The B54 Mod 2 started production in June 1965. The weapon was the same size as previous mods, but now weighed 70 lb. This may be the highest yield boosted version of the weapon.

==Design==
The weapon was based on the Scarab device, which descended from the Gnat device. Scarab was also used as a primary stage in the thermonuclear weapon test Dominic Nambe.

===Warhead===
Configured in the Davy Crockett role, the weapon contained two sets of fuzes: a radar based fuze set for a 40 ft airburst and a capacitance based fuze set for 2 ft airburst. These fuzes represented the high and low airburst modes of the weapon. The device contained 26 lb of high explosives.

Some sources give the yield for the Mod 0 as 250 tonTNT and the Mod 2 as 10 to 20 tonTNT, but declassified warhead development documents indicate the only difference between these two warheads was the environmental sensing devices used and that the warheads were field convertible, suggesting the weapons had the same yield. Official documents give the yield as 20 tTNT when configured in the XM388 round for the Davy Crockett.

It has been alleged that the British "Wee Gwen" warhead was a copy of the W54. Though never put into production, Wee Gwen was to contain 1.6 kg of plutonium and 2.42 kg uranium.

===Special Atomic Demolition Munition===
Yield is estimated to be 10 to 1000 tonTNT. According to former Green Light team members, the B54 SADM came with two selectable yield options of 0.1 or 0.2 kilotons.

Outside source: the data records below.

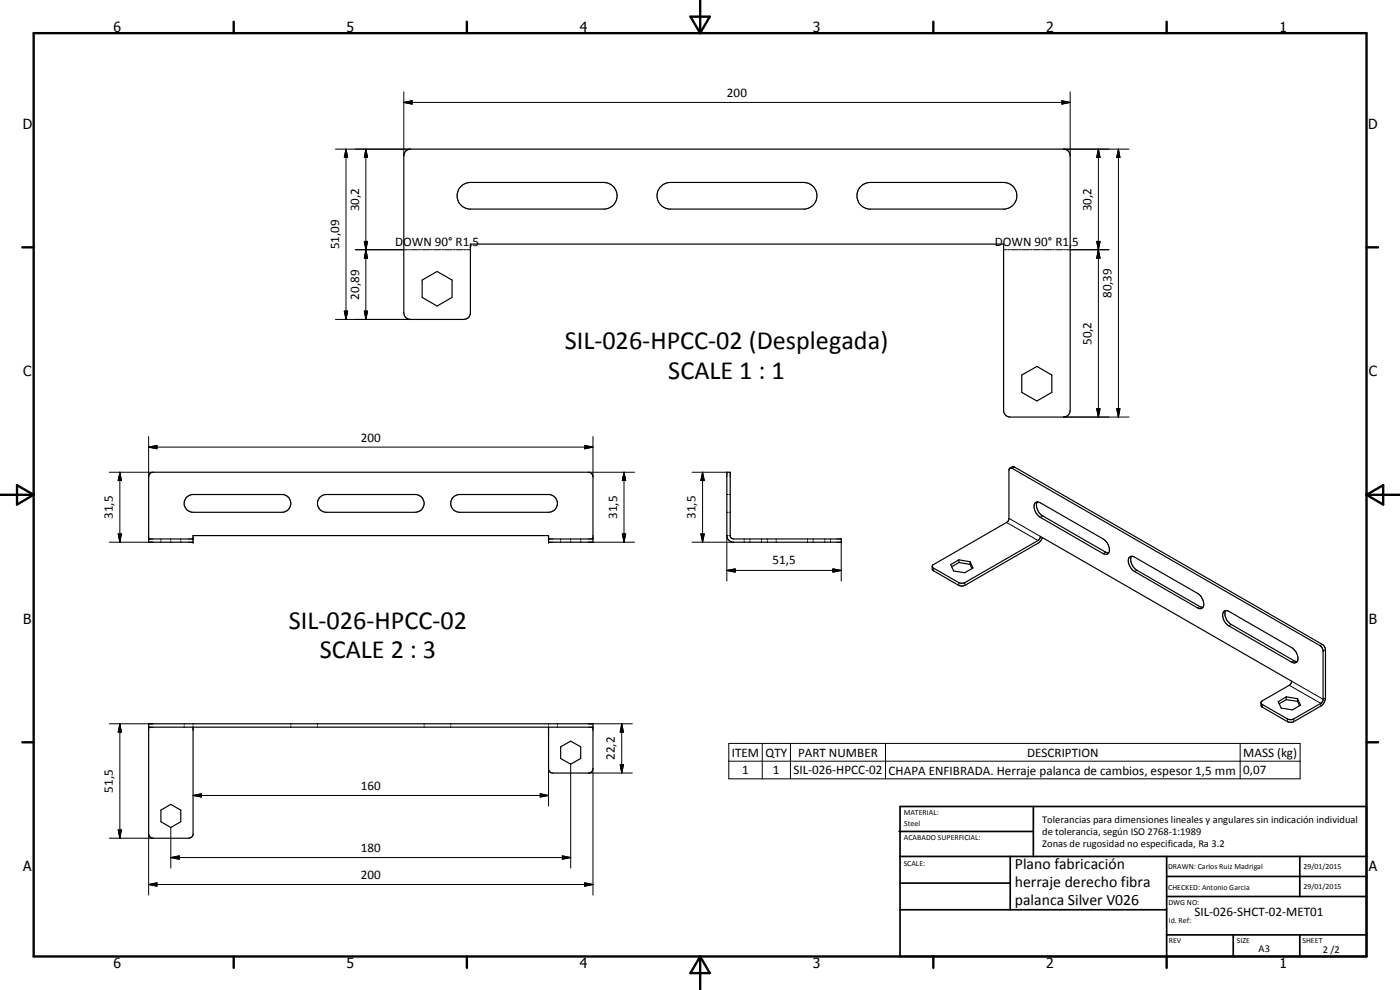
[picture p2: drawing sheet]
<svg xmlns="http://www.w3.org/2000/svg" width="420mm" height="297mm" viewBox="0 0 420 297" stroke-linecap="round" stroke-linejoin="round" font-family="sans-serif">
<g fill="none" stroke="#000" stroke-width=".35">
<path d="M121.9 45.2l1.3-.5h196a2 2 0 0 1 2 2v76.4a2 2 0 0 1-2 2h-16a2.07 2.07 0 0 1-2-1.6v-50.3h-160v21a1.98 1.98 0 0 1-2 1.6h-16a1.94 1.94 0 0 1-2-1.9v-47.2l.2-.9zM138.5 55.8l1.3-.8 1.4-.3h40a4 4 0 0 1 4 3.8 4 4 0 0 1-3.6 4.2h-40.9a4 4 0 0 1-3.4-2.7 4 4 0 0 1 1.2-4.2zM198.2 56.1l1.6-1.1 1.4-.3h40a4 4 0 0 1 4 3.8 4 4 0 0 1-3.5 4.2h-41a4 4 0 0 1-2.5-6.6zM258.5 55.8l1.2-.8 1.5-.3h40a4 4 0 0 1 4 3.8 4 4 0 0 1-3.5 4.2h-41a4 4 0 0 1-3.3-2.8 4 4 0 0 1 1.1-4.1zM126.7 84l4.5-2.6 4.5 2.6v5.2l-4.5 2.6-4.5-2.6zM306.7 112.5l4.5-2.6 4.5 2.6v5.2l-4.5 2.6-4.5-2.6zM45 142.1l.9-.4h130.7l.8 .2 .6 1.1v19.7h-13.4v-2h-106.7v2h-13.3v-19.7zM55.9 149.4l.9-.8 .8-.2h27.4a2.68 2.68 0 0 1 2.3 2.8 2.68 2.68 0 0 1-2.7 2.5h-26.7a2.67 2.67 0 0 1-2.4-1.5 2.67 2.67 0 0 1 .4-2.8zM95.8 149.4l.6-.6 1.2-.4h27.4a2.68 2.68 0 0 1 2.3 2.8 2.68 2.68 0 0 1-2.7 2.5h-26.7a2.7 2.7 0 0 1-2.4-1.5 2.7 2.7 0 0 1 .3-2.8zM135.8 149.4l.6-.6 1.2-.4h27.4a2.68 2.68 0 0 1 2.3 2.8 2.68 2.68 0 0 1-2.7 2.5h-26.6a2.7 2.7 0 0 1-2.5-1.5 2.7 2.7 0 0 1 .3-2.8zM218.1 141.7h1v19.2l.6 .7 32.8 .1v1h-32.7a2.07 2.07 0 0 1-1.7-2zM303.1 140.5h.6l92.6 53.3 .8 1.4-.1 15-.6 .8-8.1 4.7a1.91 1.91 0 0 1-1.9 0l-7.6-4.3-.4-.6"/>
<path d="M303.1 140.5l.8-.5 .5 .1 92.6 53.4 .8 1.2v14.7a3.1 3.1 0 0 1-1.4 2.4l-8.1 4.7-1 .2-.9-.2-7.7-4.4-.3-1.3M303.1 140.5l-.3 .4v14.8l-.4 .8-22.4 13-.2 .4M310.6 151l.6-.4 1 .3 18.9 10.8a3.7 3.7 0 0 1 1.6 4.2l-.8 .5-.8-.3-18.9-10.9a3.6 3.6 0 0 1-1.6-4.2zM311.3 150.6a3.4 3.4 0 0 0 1.7 4.2l18.8 10.9 .9 .2M44.6 161.7h13.3M164.6 161.7h13.4M279.8 169.9l.2 .4 7.7 4.5 1.5 .2 22.3-12.8 .6-.7 .1-.5 75.4 43.4-.5 1.1-8.3 4.8-.4 .5M287.8 168.8l-2.2 1.3M287.8 168.8l3.3 .5M287.8 168l-2.5 1.4 .9 1.9 3.3 .5 2.5-1.4-.9-1.9M287.8 168v.8M287.8 168l3.3 .5"/>
<path d="M291.1 169.3l.6 1.3M291.1 168.5v.8M312.8 161.3l-1.1 1.6-22.5 12.9-1.5-.2-7.7-4.4-.2-1.3M339 167.1l.5-.2 .7 .1 19.2 11a3.6 3.6 0 0 1 1.6 4.2l-.5 .4-1.1-.2-18.9-10.9a3.2 3.2 0 0 1-1.5-4.4zM339.6 166.9a3.6 3.6 0 0 0 1.6 4.2l18.9 10.9 .9 .2M367.3 183.4l.7-.2 .8 .2 18.8 10.9a3.3 3.3 0 0 1 1.5 4.4l-.7 .2-.8-.2-18.8-10.9a3.3 3.3 0 0 1-1.5-4.4zM367.9 183.2a3.5 3.5 0 0 0 1.6 4.2l18.9 10.8 .9 .3M44.6 218.2h133.4M57.9 218.2v32.5l-.3 .4-1 .4h-10.9a1.26 1.26 0 0 1-1.1-1.3v-33h133.4v13.4l-.4 1-.7 .3h-11.2l-.9-.5-.2-.5v-12.7M386 209.1l-2.4 1.4 .9 2 3.3 .5 2.5-1.4-.9-2M386 209.1l3.4 .5M386 209.9l3.4 .5"/>
<path d="M386 209.9l-2.1 1.3M386 209.1v.8M389.4 210.4l.6 1.3M389.4 209.6v.8M168.3 224.1l3-1.7 3 1.7v3.5l-3 1.7-3-1.7zM48.3 243.1l3-1.8 3 1.8v3.4l-3 1.8-3-1.8z"/>
</g>
<g fill="#000">
<circle cx="57.9" cy="161.7" r=".18"/>
<circle cx="57.9" cy="162.7" r=".18"/>
<circle cx="164.6" cy="161.7" r=".18"/>
<circle cx="164.6" cy="162.7" r=".18"/>
<circle cx="44.6" cy="218.2" r=".18"/>
<circle cx="57.9" cy="218.2" r=".18"/>
<circle cx="164.6" cy="218.2" r=".18"/>
<circle cx="178" cy="218.2" r=".18"/>
</g>
<g fill="none" stroke="#000" stroke-width=".3">
<path d="M121.2 30.7l2.5-.5v1zM121.2 30.7h200M121.2 27.6v19.1M318.7 30.2l2.5 .5-2.5 .5zM321.2 27.6v19.1M100.7 44.7h22.5M103.8 44.7l.5 2.5h-1zM103.8 44.7v51.1M109.8 44.7l.5 2.5h-1zM109.8 44.7v51.1M319.2 44.7h19.6M329.6 44.7l.5 2.5h-1z"/>
<path d="M329.6 44.7v80.4M335.6 44.7l.5 2.5h-1zM335.6 44.7v80.4M106.6 74.9h15.7M109.3 72.4h1l-.5 2.5zM109.8 74.9l.5 2.6h-1zM122.6 74.9h.5M123.4 74.9h2.2M125.9 74.9h.5M126.7 74.9h2.3M129.2 74.9h.6M130.1 74.9h2.2"/>
<path d="M132.6 74.9h.5M133.4 74.9h2.2M135.9 74.9h.6M136.7 74.9h2.3M139.2 74.9h.6M140.1 74.9h1.1M301.2 74.9h1.1M302.5 74.9h.6M303.4 74.9h2.2M305.9 74.9h.6M306.7 74.9h2.2M309.2 74.9h.6"/>
<path d="M310.1 74.9h2.2M312.6 74.9h.5M313.4 74.9h2.2M315.9 74.9h.5M316.7 74.9h2.3M319.2 74.9h.6M320.1 74.9h12.7M329.1 72.4h1l-.5 2.5zM329.1 72.4l1 5.1h-1l1-5.1zM329.6 74.9l.5 2.6h-1zM100.7 95.8h22.5M103.3 93.3h1l-.5 2.5z"/>
<path d="M109.3 93.3h1l-.5 2.5zM44.6 134.2l2.5-.6v1.1zM44.6 134.2h133.4M44.6 131v12M175.5 133.6l2.5 .6-2.5 .5zM178 131v12M319.2 125.1h19.6M329.1 122.6h1l-.5 2.5zM335.1 122.6h1l-.5 2.5zM32.8 141.7h13.1M36 141.7l.4 2.5h-.9zM36 141.7v21"/>
<path d="M176.6 141.7h13.8M187.3 141.7l.5 2.5h-1zM187.3 141.7v21M207.7 141.7h10.4M210.9 141.7l.5 2.5h-1.1zM210.9 141.7v21M218.1 148.4h.4M218.1 153.7h.4M218.8 148.4h.3M218.8 153.7h.3M302.1 156.8l9.4 5.4M302.8 155.5l9.4 5.5"/>
<path d="M304.4 140.1l-.7 .4M313 154.8l-.8 .4M32.8 162.7h13.1M35.5 160.2h.9l-.4 2.5zM48.3 161.7v.4M48.3 162.3v.4M51.3 161.7v.4M51.3 162.3v.4M54.3 161.7v.4M54.3 162.3v.4M168.3 161.7v.4M168.3 162.3v.4"/>
<path d="M171.3 161.7v.4M171.3 162.3v.4M174.3 161.7v.4M174.3 162.3v.4M176.6 162.7h13.8M186.8 160.2h1l-.5 2.5zM207.7 162.7h12.4M210.3 160.2h1.1l-.5 2.5zM218.1 171.2l2.5-.5v1zM218.1 171.2h34.4M218.5 160.7h-.4v13.6M218.8 160.7h.3"/>
<path d="M223.3 161.7v.4M223.3 162.3v.4M225.1 161.7v.4M225.1 162.3v.4M228.5 161.7v.4M228.5 162.3v.4M230.3 161.7v.4M230.3 162.3v.4M232.9 161.7v.4M232.9 162.3v.4M242.3 161.7v.4M242.3 162.3v.4"/>
<path d="M244 161.7v.4M244 162.3v.4M247.6 161.7v.4M247.6 162.3v.4M249.2 161.7v.4M249.2 162.3v.4M250 170.7l2.5 .5-2.5 .5zM252.5 162.7v11.6M280.2 170.5v.8M287.7 174.8v.8M289.6 174.8v.8M331.8 165.7l-.7 .4"/>
<path d="M341.2 171.1l-.7 .4M360.1 182l-.7 .4M369.5 187.4l-.7 .4M388.4 198.2l-.8 .5M396.8 193.3l-.7 .4M397.8 194.9l-.7 .5M32.8 217.2h13.1M36 217.2l.4 2.5h-.9zM36 217.2v34.3M55.3 217.2v.3M55.3 217.8v.4M57.9 217.2v.3"/>
<path d="M57.9 217.8v.4M87.3 217.2v.3M87.3 217.8v.4M95.3 217.2v.3M95.3 217.8v.4M127.3 217.2v.3M127.3 217.8v.4M135.3 217.2v.3M135.3 217.8v.4M164.6 217.2v.3M164.6 217.8v.4M167.3 217.2v.3"/>
<path d="M167.3 217.8v.4M176.6 217.2h13.2M186.6 217.2l.5 2.5h-1zM186.6 217.2v14.7M378.8 211.4v.8M386.4 215.7v.8M386.9 205.6l9.5 5.4v.8M387.6 204.4l9.5 5.4 .7-.4M388.3 215.7v.8M57.9 238.7l2.5-.5v.9zM57.9 238.7h106.7M162.1 238.2l2.5 .5-2.5 .4z"/>
<path d="M164.6 230.6v11.3M171.3 229.3v31.2M176.6 231.9h13.2M178 230.6v38M186.1 229.4h1l-.5 2.5zM218.7 223.1h171.5v10.6h-171.5zM218.7 228.4h171.5M228.8 223.1v10.6M237.2 223.1v10.6M265.8 223.1v10.6M372.2 223.1v10.6M32.8 251.5h13.1"/>
<path d="M35.5 249h.9l-.4 2.5zM44.6 250.2v18.4M51.3 257.3l2.5-.5v1zM51.3 248.3v12.2M51.3 257.3h120M168.8 256.8l2.5 .5-2.5 .5zM44.6 265.4l2.5-.5v1zM44.6 265.4h133.4M175.5 264.9l2.5 .5-2.5 .5z"/>
</g>
<g fill="none" stroke="#000" stroke-width=".71">
<path d="M10.1 9.9h400v277.1h-400zM70.1 6.5v3.4M140.1 6.5v3.4M207.2 5h5.8l-2.9 4.9zM210.1 0v9.9M280.1 6.5v3.4M350.1 6.5v3.4M6.7 74.2h3.4M410.1 74.2h3.5M.1 148.5h10M5.1 145.6l5 2.9-5 2.9zM410.1 148.5h10"/>
<path d="M410.1 148.5l5-2.9v5.8zM6.7 222.7h3.4M410.1 222.7h3.5M70.1 287v3.4M140.1 287v3.4M210.1 287v10M210.1 287l2.9 5h-5.8zM280.1 287v3.4M350.1 287v3.4"/>
</g>
<g fill="none" stroke="#000" stroke-width=".51">
<path d="M269.8 249.5h40.3M270.1 242h140v45h-140zM270.1 257h140M303.2 257v16M310.1 242v15M350.1 257v30M390.1 257v12M270.1 265h33.1M270.1 273h80M350.1 269h60M350.1 263h60M350.1 280.5h60"/>
<path d="M370.1 280.5v6.5M390.1 280.5v6.5"/>
</g>
<g fill="#000">
<path d="M121.2 30.7l2.5-.5v1zM318.7 30.2l2.5 .5-2.5 .5zM103.8 44.7l.5 2.5h-1zM109.8 44.7l.5 2.5h-1zM329.6 44.7l.5 2.5h-1zM335.6 44.7l.5 2.5h-1zM109.3 72.4h1l-.5 2.5zM109.8 74.9l.5 2.6h-1zM329.1 72.4h1l-.5 2.5zM329.6 74.9l.5 2.6h-1zM103.3 93.3h1l-.5 2.5zM109.3 93.3h1l-.5 2.5z"/>
<path d="M44.6 134.2l2.5-.6v1.1zM175.5 133.6l2.5 .6-2.5 .5zM329.1 122.6h1l-.5 2.5zM335.1 122.6h1l-.5 2.5zM36 141.7l.4 2.5h-.9zM187.3 141.7l.5 2.5h-1zM210.9 141.7l.5 2.5h-1.1zM35.5 160.2h.9l-.4 2.5zM186.8 160.2h1l-.5 2.5zM210.3 160.2h1.1l-.5 2.5zM218.1 171.2l2.5-.5v1zM250 170.7l2.5 .5-2.5 .5z"/>
<path d="M36 217.2l.4 2.5h-.9zM186.6 217.2l.5 2.5h-1zM57.9 238.7l2.5-.5v.9zM162.1 238.2l2.5 .5-2.5 .4zM186.1 229.4h1l-.5 2.5zM35.5 249h.9l-.4 2.5zM51.3 257.3l2.5-.5v1zM168.8 256.8l2.5 .5-2.5 .5zM44.6 265.4l2.5-.5v1zM175.5 264.9l2.5 .5-2.5 .5z"/>
</g>
<g font-size="7.9">
<text x="169.5" y="104.8">SIL-026-HPCC-02 (Desplegada)</text>
<text x="200.6" y="113.8">SCALE 1 : 1</text>
<text x="86.7" y="188.6">SIL-026-HPCC-02</text>
<text x="96" y="197.6">SCALE 2 : 3</text>
</g>
<g font-size="4.7">
<text x="304.6" y="260.8">Plano fabricación</text>
<text x="304.6" y="266.2">herraje derecho fibra</text>
<text x="304.6" y="271.6">palanca Silver V026</text>
</g>
<g font-size="4.2">
<text x="34" y="9.6">6</text>
<text x="104" y="9.6">5</text>
<text x="174" y="9.6">4</text>
<text x="244" y="9.6">3</text>
<text x="314" y="9.6">2</text>
<text x="384" y="9.6">1</text>
<text x="6.8" y="38.7">D</text>
<text x="410.6" y="38.7">D</text>
<text x="7" y="112.9">C</text>
<text x="410.8" y="112.9">C</text>
<text x="7" y="187.1">B</text>
<text x="410.8" y="187.1">B</text>
<text x="7" y="261.4">A</text>
<text x="410.8" y="261.4">A</text>
<text x="34" y="290.4">6</text>
<text x="104" y="290.4">5</text>
<text x="174" y="290.4">4</text>
<text x="244" y="290.4">3</text>
<text x="314" y="290.4">2</text>
<text x="384" y="290.4">1</text>
</g>
<g font-size="3.9">
<text x="218.2" y="29.2">200</text>
<text x="107.8" y="63.3" transform="rotate(-90 107.8 63.3)">30,2</text>
<text x="327.6" y="63.3" transform="rotate(-90 327.6 63.3)">30,2</text>
<text x="101.8" y="74.8" transform="rotate(-90 101.8 74.8)">51,09</text>
<text x="118.6" y="73.7">DOWN 90° R1,5</text>
<text x="298.5" y="73.7">DOWN 90° R1,5</text>
<text x="107.8" y="89.9" transform="rotate(-90 107.8 89.9)">20,89</text>
<text x="333.6" y="89.5" transform="rotate(-90 333.6 89.5)">80,39</text>
<text x="327.6" y="103.5" transform="rotate(-90 327.6 103.5)">50,2</text>
<text x="108.3" y="132.6">200</text>
<text x="33.9" y="155.7" transform="rotate(-90 33.9 155.7)">31,5</text>
<text x="185.2" y="155.7" transform="rotate(-90 185.2 155.7)">31,5</text>
<text x="208.8" y="155.7" transform="rotate(-90 208.8 155.7)">31,5</text>
<text x="231.8" y="169.1">51,5</text>
<text x="219.7" y="227">ITEM</text>
<text x="229.7" y="227">QTY</text>
<text x="239.6" y="227">PART NUMBER</text>
<text x="308.2" y="227">DESCRIPTION</text>
<text x="373.1" y="227.1">MASS (kg)</text>
<text x="184.6" y="228" transform="rotate(-90 184.6 228)">22,2</text>
<text x="222.7" y="232.3">1</text>
<text x="232" y="232.3">1</text>
<text x="238.1" y="232.3">SIL-026-HPCC-02</text>
<text x="266.6" y="232.4">CHAPA ENFIBRADA. Herraje palanca de cambios, espesor 1,5 mm</text>
<text x="373.1" y="232.3">0,07</text>
<text x="33.9" y="237.8" transform="rotate(-90 33.9 237.8)">51,5</text>
<text x="108.3" y="237.1">160</text>
<text x="108.3" y="255.7">180</text>
<text x="108.3" y="263.8">200</text>
<text x="358.5" y="275">SIL-026-SHCT-02-MET01</text>
</g>
<g font-size="3.1">
<text x="312.7" y="246.8">Tolerancias para dimensiones lineales y angulares sin indicación individual</text>
<text x="312.7" y="250.4">de tolerancia, según ISO 2768-1:1989</text>
<text x="312.7" y="254">Zonas de rugosidad no especificada, Ra 3.2</text>
<text x="377.7" y="285.6">A3</text>
<text x="397" y="285.9">2 /2</text>
</g>
<g font-size="2.4">
<text x="271.2" y="244.4">MATERIAL:</text>
<text x="271.3" y="252">ACABADO SUPERFICIAL:</text>
<text x="271.4" y="247.9">Steel</text>
<text x="271.2" y="259.7">SCALE:</text>
<text x="350.6" y="260.8">DRAWN: Carlos Ruiz Madrigal</text>
<text x="391.2" y="260.6">29/01/2015</text>
<text x="350.6" y="267">CHECKED: Antonio Garcia</text>
<text x="391.2" y="266.7">29/01/2015</text>
<text x="350.6" y="271.4">DWG NO:</text>
<text x="350.8" y="276.9">Id. Ref:</text>
<text x="350.8" y="282.8">REV</text>
<text x="371.2" y="282.9">SIZE</text>
<text x="390.9" y="282.9">SHEET</text>
</g>
</svg>

The B54 SADM included a Field Wire Remote Control System (FWRCS), a device that enabled the sending of safe/arm and firing signals to the weapon via a wire for safe remote detonation of the weapon by troops. This system was tested for its resistance to electromagnetic radiation in February 1964.

==Variants==
W54 mod numbers overlap between the warhead and SADM weapon. Weapons of the same mod number but in different applications are not the same weapons.

===Warhead===
Three mods of the warhead configuration were developed:

W54 Mod 0 – Warhead for AIM-4 Falcon air-to-air missile

W54 Mod 1 – Interim warhead for Davy Crockett. Lacked environmental sensing device. Never entered production.

W54 Mod 2 – Production Davy Crockett warhead with environmental sensing device. Was known as the M-388 when configured into a Davy Crockett round.

===Special Atomic Demolition Munition===
Three mods of the SADM configuration were developed:

B54 Mod 0 – Interim weapon with timer issues.

B54 Mod 1 – Production weapon. Came with special housing for underwater use.

B54 Mod 2 – Weapon weight increased from 58.5 lb to 70 lb. May be a boosted weapon.

In service, the weapons were known as the XM129 and XM159 Atomic Demolition Charges. Which versions are associated with the XM129 name and which is associated with the XM159 name is not clear.

===W72 warhead ===

After the AIM-26 Falcon was retired, 300 units were rebuilt into an improved configuration with a higher yield and redesignated the W72. These warheads were then used to produce a number of nuclear versions of the AGM-62 Walleye television-guided glide bomb system. The W72 variant had a yield of around 600 tons of TNT. The 300 W72 units were produced between 1970 and 1972 and were in service until 1979.

==Testing==
Stockpiled W54 warheads were test-fired at the Nevada Test Site on 7 and 17 July 1962. In Little Feller II (7 July), the warhead was suspended 3 ft above the ground. In Little Feller I (17 July), the warhead was launched as a Davy Crockett device from a stationary 155-millimeter launcher and set to detonate low airburst 1.7 mi from the launch point. This test was the last atmospheric test at Nevada Test Site and was performed in conjunction with Operation Ivy Flats, a simulated military environment. It was observed by Attorney General Robert F. Kennedy and presidential adviser General Maxwell D. Taylor.